Records from a collection:
◆ ◆ ◆ ◆ ◆ ◆ ◆
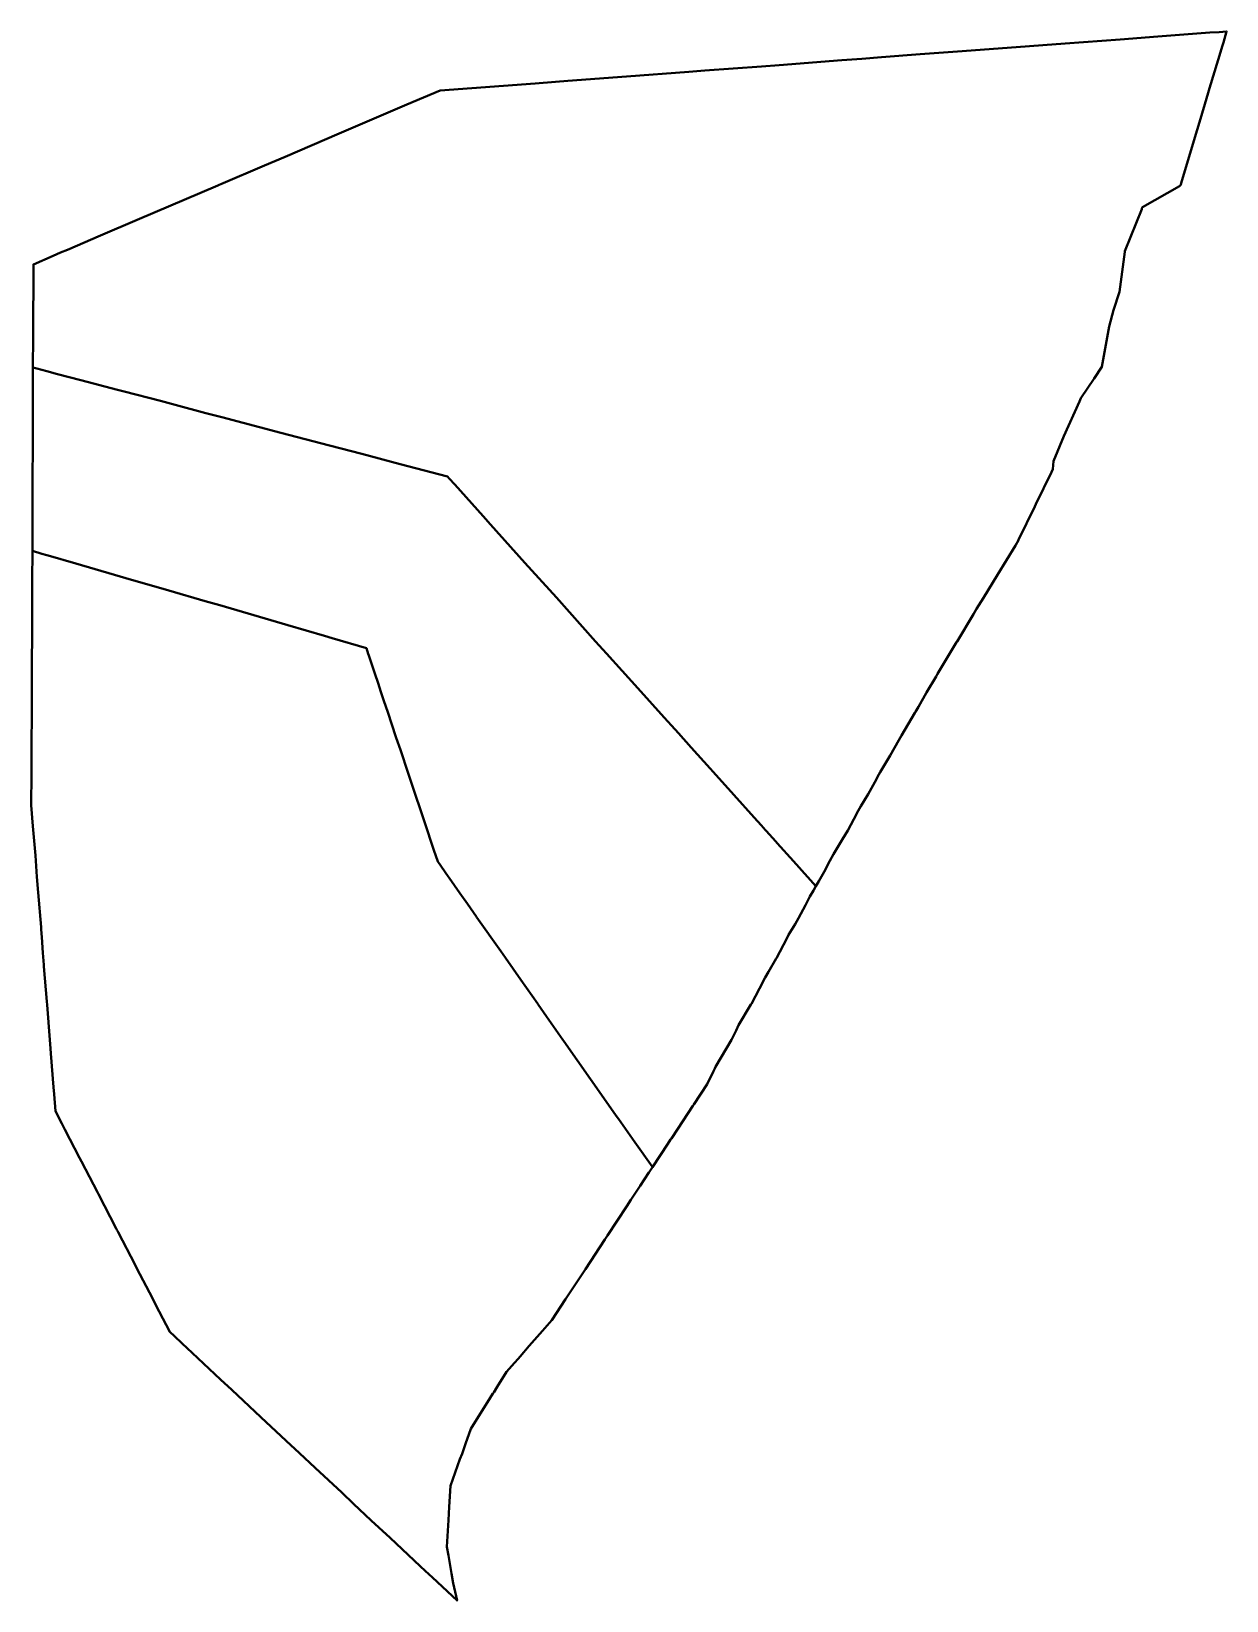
# Model space of a CAD drawing. Header units: metres. Extents: x 807493 to 807574, y 9157447 to 9157552.
import ezdxf

# ---------------------------------------------------------------- set-up
doc = ezdxf.new("R2010")
doc.units = ezdxf.units.M
doc.header["$MEASUREMENT"] = 0
doc.layers.add('2852-21242', color=1, linetype='Continuous')

msp = doc.modelspace()

# ---------------------------------------------------------------- linework, layer by layer
at = {"layer": '2852-21242', "color": 40, "lineweight": 40, "true_color": 0xffbb00}
msp.add_lwpolyline([(807493.57, 9157529.67), (807493.82, 9157529.6), (807494.51, 9157529.42), (807495.22, 9157529.23), (807496.78, 9157528.82), (807499.26, 9157528.17), (807499.7, 9157528.06), (807502.14, 9157527.42), (807503.13, 9157527.16), (807505.2, 9157526.61), (807506.26, 9157526.33), (807510.24, 9157525.29), (807513.5, 9157524.43), (807515.68, 9157523.86), (807518.24, 9157523.18), (807521.43, 9157522.34), (807521.55, 9157522.21), (807521.92, 9157521.8), (807523.82, 9157519.69), (807524.33, 9157519.12), (807526.64, 9157516.55), (807528.75, 9157514.21), (807531.39, 9157511.27), (807532.13, 9157510.45), (807534.22, 9157508.13), (807536, 9157506.15), (807536.49, 9157505.61), (807536.95, 9157505.09), (807537.82, 9157504.13), (807539.08, 9157502.73), (807539.28, 9157502.5), (807540.68, 9157500.95), (807542.05, 9157499.43), (807542.05, 9157499.43), (807542.51, 9157498.91), (807542.68, 9157498.73), (807542.79, 9157498.6), (807542.85, 9157498.54), (807543.49, 9157497.83), (807543.59, 9157497.71), (807544.69, 9157496.49), (807545.63, 9157495.45), (807545.65, 9157495.42), (807546.2, 9157494.81), (807546.4, 9157495.15), (807546.74, 9157495.79), (807547.12, 9157496.52), (807547.38, 9157496.96), (807547.71, 9157497.52), (807547.98, 9157497.97), (807548.33, 9157498.55), (807548.74, 9157499.32), (807549.04, 9157499.88), (807549.22, 9157500.19), (807549.71, 9157501.01), (807550.15, 9157501.81), (807550.43, 9157502.32), (807550.52, 9157502.48), (807551.19, 9157503.61), (807551.47, 9157504.11), (807551.77, 9157504.64), (807551.94, 9157504.94), (807552.84, 9157506.46), (807552.89, 9157506.53), (807553.08, 9157506.87), (807553.63, 9157507.83), (807554.27, 9157508.9), (807554.37, 9157509.08), (807554.71, 9157509.65), (807555.57, 9157511.1), (807555.64, 9157511.21), (807555.68, 9157511.27), (807556.78, 9157513.09), (807556.99, 9157513.45), (807557.45, 9157514.2), (807558.4, 9157515.73), (807559.61, 9157517.7), (807559.8, 9157518.07), (807559.8, 9157518.09), (807560.9, 9157520.34), (807560.9, 9157520.34), (807560.97, 9157520.49), (807562.02, 9157522.64), (807562.12, 9157522.84), (807562.17, 9157523.37), (807562.86, 9157525.05), (807563.91, 9157527.39), (807563.91, 9157527.39), (807564, 9157527.61), (807564.9, 9157528.94), (807565.41, 9157529.71), (807565.59, 9157530.69), (807565.91, 9157532.43), (807566.19, 9157533.52), (807566.59, 9157534.76), (807566.59, 9157534.76), (807566.95, 9157537.44), (807566.96, 9157537.49), (807568.09, 9157540.31), (807568.11, 9157540.38), (807568.15, 9157540.45), (807570.64, 9157541.85), (807570.7, 9157541.92), (807570.72, 9157541.94), (807570.75, 9157542.06), (807571.6, 9157544.9), (807572.04, 9157546.37), (807572.45, 9157547.75), (807572.72, 9157548.65), (807572.74, 9157548.72), (807573.39, 9157550.86), (807573.49, 9157551.23), (807573.58, 9157551.51), (807573.8, 9157552.25), (807573.29, 9157552.21), (807572.67, 9157552.17), (807569.18, 9157551.9), (807566.64, 9157551.71), (807562.94, 9157551.44), (807559.04, 9157551.14), (807555.7, 9157550.89), (807553.21, 9157550.71), (807550.6, 9157550.51), (807549.28, 9157550.41), (807547.94, 9157550.31), (807543.72, 9157549.99), (807542.53, 9157549.9), (807538.73, 9157549.62), (807537.66, 9157549.54), (807533.46, 9157549.22), (807529.51, 9157548.92), (807527.6, 9157548.78), (807527.32, 9157548.76), (807520.94, 9157548.28), (807518.71, 9157547.33), (807515.41, 9157545.92), (807514.16, 9157545.38), (807510.52, 9157543.83), (807509.13, 9157543.24), (807506.19, 9157541.98), (807506.09, 9157541.94), (807505.99, 9157541.89), (807500.57, 9157539.58), (807498.11, 9157538.53), (807495.89, 9157537.58), (807495.43, 9157537.39), (807494.93, 9157537.17), (807493.6, 9157536.6), (807493.58, 9157531.73)], close=True, dxfattribs=at)
at = {"layer": '2852-21242', "color": 4, "lineweight": 40, "true_color": 0x00ffff}
msp.add_lwpolyline([(807493.53, 9157518.67), (807493.53, 9157517.35), (807494.16, 9157517.16), (807494.5, 9157517.07), (807494.6, 9157517.04), (807496.46, 9157516.5), (807499.06, 9157515.74), (807499.82, 9157515.52), (807502.71, 9157514.68), (807505.14, 9157513.97), (807506.12, 9157513.69), (807510.7, 9157512.36), (807513.16, 9157511.64), (807513.67, 9157511.49), (807515.98, 9157510.82), (807516.11, 9157510.43), (807516.15, 9157510.31), (807516.33, 9157509.77), (807516.53, 9157509.18), (807516.55, 9157509.1), (807516.77, 9157508.46), (807516.96, 9157507.87), (807517.07, 9157507.54), (807517.16, 9157507.28), (807517.42, 9157506.51), (807517.44, 9157506.44), (807517.67, 9157505.76), (807517.99, 9157504.79), (807518.27, 9157503.97), (807518.79, 9157502.42), (807520.09, 9157498.53), (807520.31, 9157497.85), (807520.52, 9157497.25), (807520.78, 9157496.47), (807521.48, 9157495.46), (807521.54, 9157495.39), (807522.27, 9157494.35), (807522.77, 9157493.64), (807522.98, 9157493.34), (807523.39, 9157492.76), (807523.41, 9157492.72), (807525.01, 9157490.45), (807525.32, 9157490.01), (807526.37, 9157488.52), (807527.5, 9157486.91), (807527.53, 9157486.87), (807528.09, 9157486.06), (807529.19, 9157484.5), (807529.26, 9157484.4), (807531.95, 9157480.58), (807532.78, 9157479.4), (807532.93, 9157479.18), (807534.03, 9157477.62), (807535.18, 9157475.98), (807535.18, 9157475.97), (807535.19, 9157475.97), (807535.21, 9157475.94), (807536.24, 9157477.5), (807536.43, 9157477.8), (807536.48, 9157477.87), (807536.91, 9157478.52), (807537.92, 9157480.06), (807537.98, 9157480.15), (807538.88, 9157481.52), (807539.31, 9157482.4), (807539.4, 9157482.58), (807539.45, 9157482.68), (807540.53, 9157484.5), (807540.61, 9157484.67), (807540.84, 9157485.13), (807541, 9157485.47), (807541.83, 9157486.86), (807541.86, 9157486.92), (807542.14, 9157487.44), (807542.4, 9157487.94), (807542.79, 9157488.69), (807543.01, 9157489.07), (807543.53, 9157489.95), (807543.55, 9157489.98), (807544.24, 9157491.3), (807544.36, 9157491.54), (807544.8, 9157492.27), (807545.03, 9157492.67), (807545.49, 9157493.54), (807545.79, 9157494.12), (807546.03, 9157494.53), (807546.2, 9157494.81), (807545.65, 9157495.42), (807545.63, 9157495.45), (807544.69, 9157496.49), (807543.59, 9157497.71), (807543.49, 9157497.83), (807542.85, 9157498.54), (807542.79, 9157498.6), (807542.68, 9157498.73), (807542.51, 9157498.91), (807542.05, 9157499.43), (807542.05, 9157499.43), (807540.68, 9157500.95), (807539.28, 9157502.5), (807539.08, 9157502.73), (807537.82, 9157504.13), (807536.95, 9157505.09), (807536.49, 9157505.61), (807536, 9157506.15), (807534.22, 9157508.13), (807532.13, 9157510.45), (807531.39, 9157511.27), (807528.75, 9157514.21), (807526.64, 9157516.55), (807524.33, 9157519.12), (807523.82, 9157519.69), (807521.92, 9157521.8), (807521.55, 9157522.21), (807521.43, 9157522.34), (807518.24, 9157523.18), (807515.68, 9157523.86), (807513.5, 9157524.43), (807510.24, 9157525.29), (807506.26, 9157526.33), (807505.2, 9157526.61), (807503.13, 9157527.16), (807502.14, 9157527.42), (807499.7, 9157528.06), (807499.26, 9157528.17), (807496.78, 9157528.82), (807495.22, 9157529.23), (807494.51, 9157529.42), (807493.82, 9157529.6), (807493.57, 9157529.67), (807493.57, 9157529.1), (807493.56, 9157525.81), (807493.54, 9157520.75)], close=True, dxfattribs=at)
at = {"layer": '2852-21242', "color": 6, "lineweight": 40, "true_color": 0xff00ff}
msp.add_lwpolyline([(807493.46, 9157500.56), (807493.46, 9157500.27), (807493.57, 9157498.86), (807493.73, 9157496.88), (807493.84, 9157495.45), (807493.92, 9157494.39), (807494.11, 9157492.07), (807494.12, 9157491.92), (807494.16, 9157491.4), (807494.24, 9157490.33), (807494.31, 9157489.54), (807494.31, 9157489.43), (807494.5, 9157487.07), (807494.52, 9157486.85), (807494.7, 9157484.49), (807494.72, 9157484.21), (807494.75, 9157483.92), (807494.77, 9157483.57), (807494.95, 9157481.31), (807494.99, 9157480.85), (807495.08, 9157479.7), (807495.51, 9157478.87), (807495.71, 9157478.48), (807496.7, 9157476.57), (807496.84, 9157476.31), (807497.9, 9157474.25), (807497.97, 9157474.12), (807499.16, 9157471.82), (807499.17, 9157471.81), (807499.21, 9157471.73), (807499.25, 9157471.66), (807499.29, 9157471.57), (807500.44, 9157469.37), (807500.55, 9157469.14), (807501.6, 9157467.13), (807501.79, 9157466.76), (807502.06, 9157466.24), (807502.76, 9157464.88), (807503.09, 9157464.58), (807503.6, 9157464.1), (807504.27, 9157463.47), (807506.18, 9157461.68), (807506.94, 9157460.98), (807508.89, 9157459.15), (807510.59, 9157457.56), (807511.48, 9157456.73), (807512.53, 9157455.75), (807514.32, 9157454.08), (807515.12, 9157453.32), (807516.31, 9157452.21), (807517.57, 9157451.04), (807519.59, 9157449.14), (807519.94, 9157448.81), (807520.43, 9157448.36), (807522.08, 9157446.82), (807521.82, 9157447.98), (807521.7, 9157448.65), (807521.49, 9157449.86), (807521.39, 9157450.43), (807521.5, 9157452.22), (807521.55, 9157453.11), (807521.64, 9157454.52), (807522.27, 9157456.32), (807522.41, 9157456.69), (807522.64, 9157457.36), (807523.01, 9157458.37), (807524.31, 9157460.44), (807524.49, 9157460.73), (807524.51, 9157460.77), (807524.54, 9157460.81), (807524.77, 9157461.18), (807525.4, 9157462.18), (807525.94, 9157462.8), (807526.18, 9157463.07), (807526.31, 9157463.22), (807526.93, 9157463.93), (807527.82, 9157464.95), (807528.45, 9157465.67), (807529.37, 9157467.07), (807530.7, 9157469.08), (807532.01, 9157471.07), (807532.19, 9157471.35), (807533.49, 9157473.33), (807533.76, 9157473.74), (807534.39, 9157474.69), (807534.97, 9157475.58), (807534.99, 9157475.61), (807535.21, 9157475.94), (807535.19, 9157475.97), (807535.18, 9157475.97), (807535.18, 9157475.98), (807534.03, 9157477.62), (807532.93, 9157479.18), (807532.78, 9157479.4), (807531.95, 9157480.58), (807529.26, 9157484.4), (807529.19, 9157484.5), (807528.09, 9157486.06), (807527.53, 9157486.87), (807527.5, 9157486.91), (807526.37, 9157488.52), (807525.32, 9157490.01), (807525.01, 9157490.45), (807523.41, 9157492.72), (807523.39, 9157492.76), (807522.98, 9157493.34), (807522.77, 9157493.64), (807522.27, 9157494.35), (807521.54, 9157495.39), (807521.48, 9157495.46), (807520.78, 9157496.47), (807520.52, 9157497.25), (807520.31, 9157497.85), (807520.09, 9157498.53), (807518.79, 9157502.42), (807518.27, 9157503.97), (807517.99, 9157504.79), (807517.67, 9157505.76), (807517.44, 9157506.44), (807517.42, 9157506.51), (807517.16, 9157507.28), (807517.07, 9157507.54), (807516.96, 9157507.87), (807516.77, 9157508.46), (807516.55, 9157509.1), (807516.53, 9157509.18), (807516.33, 9157509.77), (807516.15, 9157510.31), (807516.11, 9157510.43), (807515.98, 9157510.82), (807513.67, 9157511.49), (807513.16, 9157511.64), (807510.7, 9157512.36), (807506.12, 9157513.69), (807505.14, 9157513.97), (807502.71, 9157514.68), (807499.82, 9157515.52), (807499.06, 9157515.74), (807496.46, 9157516.5), (807494.6, 9157517.04), (807494.5, 9157517.07), (807494.16, 9157517.16), (807493.53, 9157517.35), (807493.53, 9157516.93), (807493.52, 9157515.76), (807493.52, 9157515.44), (807493.51, 9157513.51), (807493.51, 9157511.65), (807493.5, 9157509.92), (807493.49, 9157508.04), (807493.49, 9157506.27), (807493.48, 9157504.47), (807493.47, 9157502.08)], close=True, dxfattribs=at)

doc.saveas('drawing.dxf')
◆ ◆ ◆ ◆ ◆ ◆ ◆
Work to complete.
Where does "color" appear in the records above? Copy every line that has it.

Result of this exercise.
doc.layers.add('2852-21242', color=1, linetype='Continuous')
at = {"layer": '2852-21242', "color": 40, "lineweight": 40, "true_color": 0xffbb00}
at = {"layer": '2852-21242', "color": 4, "lineweight": 40, "true_color": 0x00ffff}
at = {"layer": '2852-21242', "color": 6, "lineweight": 40, "true_color": 0xff00ff}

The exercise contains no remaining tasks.